• Recorded data
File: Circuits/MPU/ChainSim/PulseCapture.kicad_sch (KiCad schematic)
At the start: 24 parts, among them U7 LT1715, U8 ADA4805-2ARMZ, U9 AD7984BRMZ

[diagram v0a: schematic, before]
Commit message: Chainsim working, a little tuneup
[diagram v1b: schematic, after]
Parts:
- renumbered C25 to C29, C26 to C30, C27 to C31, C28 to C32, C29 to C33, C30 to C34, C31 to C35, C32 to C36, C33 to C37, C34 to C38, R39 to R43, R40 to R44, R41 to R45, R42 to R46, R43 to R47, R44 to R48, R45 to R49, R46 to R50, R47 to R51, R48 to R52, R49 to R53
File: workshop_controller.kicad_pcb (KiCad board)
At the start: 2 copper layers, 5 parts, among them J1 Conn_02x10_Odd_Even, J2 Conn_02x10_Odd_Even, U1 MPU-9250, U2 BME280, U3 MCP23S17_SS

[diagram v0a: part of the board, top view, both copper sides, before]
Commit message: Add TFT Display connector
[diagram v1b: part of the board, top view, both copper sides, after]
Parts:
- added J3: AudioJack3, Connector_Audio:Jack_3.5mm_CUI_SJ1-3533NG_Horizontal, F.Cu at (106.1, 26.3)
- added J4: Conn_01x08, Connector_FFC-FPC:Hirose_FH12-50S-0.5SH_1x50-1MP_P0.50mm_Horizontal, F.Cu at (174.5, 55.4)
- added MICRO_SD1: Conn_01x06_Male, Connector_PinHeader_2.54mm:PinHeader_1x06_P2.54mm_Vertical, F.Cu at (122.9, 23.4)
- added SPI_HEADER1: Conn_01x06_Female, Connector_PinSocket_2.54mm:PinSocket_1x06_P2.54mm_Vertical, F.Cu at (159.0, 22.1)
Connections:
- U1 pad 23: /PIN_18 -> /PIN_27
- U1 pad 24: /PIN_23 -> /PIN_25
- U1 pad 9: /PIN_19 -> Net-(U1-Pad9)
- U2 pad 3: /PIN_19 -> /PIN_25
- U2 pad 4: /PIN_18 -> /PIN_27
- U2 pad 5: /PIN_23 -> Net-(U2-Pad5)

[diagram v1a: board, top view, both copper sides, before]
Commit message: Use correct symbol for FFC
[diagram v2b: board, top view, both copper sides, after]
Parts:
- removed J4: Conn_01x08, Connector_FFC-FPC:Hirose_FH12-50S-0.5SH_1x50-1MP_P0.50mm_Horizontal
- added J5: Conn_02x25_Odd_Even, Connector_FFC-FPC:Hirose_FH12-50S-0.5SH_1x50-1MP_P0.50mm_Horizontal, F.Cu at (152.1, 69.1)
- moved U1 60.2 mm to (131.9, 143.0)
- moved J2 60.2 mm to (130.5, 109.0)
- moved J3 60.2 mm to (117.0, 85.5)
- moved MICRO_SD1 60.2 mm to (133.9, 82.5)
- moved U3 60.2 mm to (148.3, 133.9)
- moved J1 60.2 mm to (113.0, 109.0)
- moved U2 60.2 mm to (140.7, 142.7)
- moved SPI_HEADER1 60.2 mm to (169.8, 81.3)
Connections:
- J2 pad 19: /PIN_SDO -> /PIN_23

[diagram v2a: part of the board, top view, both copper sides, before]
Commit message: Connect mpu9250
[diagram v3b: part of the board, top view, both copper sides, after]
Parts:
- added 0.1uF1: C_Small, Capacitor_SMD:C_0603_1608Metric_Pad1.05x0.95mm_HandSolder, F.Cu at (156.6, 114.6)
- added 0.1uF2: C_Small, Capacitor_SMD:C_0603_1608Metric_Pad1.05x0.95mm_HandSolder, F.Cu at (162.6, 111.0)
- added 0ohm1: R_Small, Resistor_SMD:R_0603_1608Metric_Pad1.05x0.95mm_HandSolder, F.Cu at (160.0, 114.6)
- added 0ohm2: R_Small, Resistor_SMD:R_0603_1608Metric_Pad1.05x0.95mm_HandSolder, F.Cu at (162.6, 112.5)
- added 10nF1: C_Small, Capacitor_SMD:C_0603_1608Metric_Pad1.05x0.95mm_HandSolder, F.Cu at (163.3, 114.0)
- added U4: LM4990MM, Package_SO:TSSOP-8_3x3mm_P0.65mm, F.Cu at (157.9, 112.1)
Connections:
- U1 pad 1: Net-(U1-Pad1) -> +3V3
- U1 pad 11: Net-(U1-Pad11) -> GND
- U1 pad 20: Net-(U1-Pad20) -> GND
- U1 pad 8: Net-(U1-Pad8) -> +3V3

• Exercise requirements
Output the data exactly, from the first line through the line that holds "File: workshop_controller.kicad_pcb (KiCad", so that no later line appears.

• Expected answer
File: Circuits/MPU/ChainSim/PulseCapture.kicad_sch (KiCad schematic)
At the start: 24 parts, among them U7 LT1715, U8 ADA4805-2ARMZ, U9 AD7984BRMZ

[diagram v0a: schematic, before]
Commit message: Chainsim working, a little tuneup
[diagram v1b: schematic, after]
Parts:
- renumbered C25 to C29, C26 to C30, C27 to C31, C28 to C32, C29 to C33, C30 to C34, C31 to C35, C32 to C36, C33 to C37, C34 to C38, R39 to R43, R40 to R44, R41 to R45, R42 to R46, R43 to R47, R44 to R48, R45 to R49, R46 to R50, R47 to R51, R48 to R52, R49 to R53
File: workshop_controller.kicad_pcb (KiCad board)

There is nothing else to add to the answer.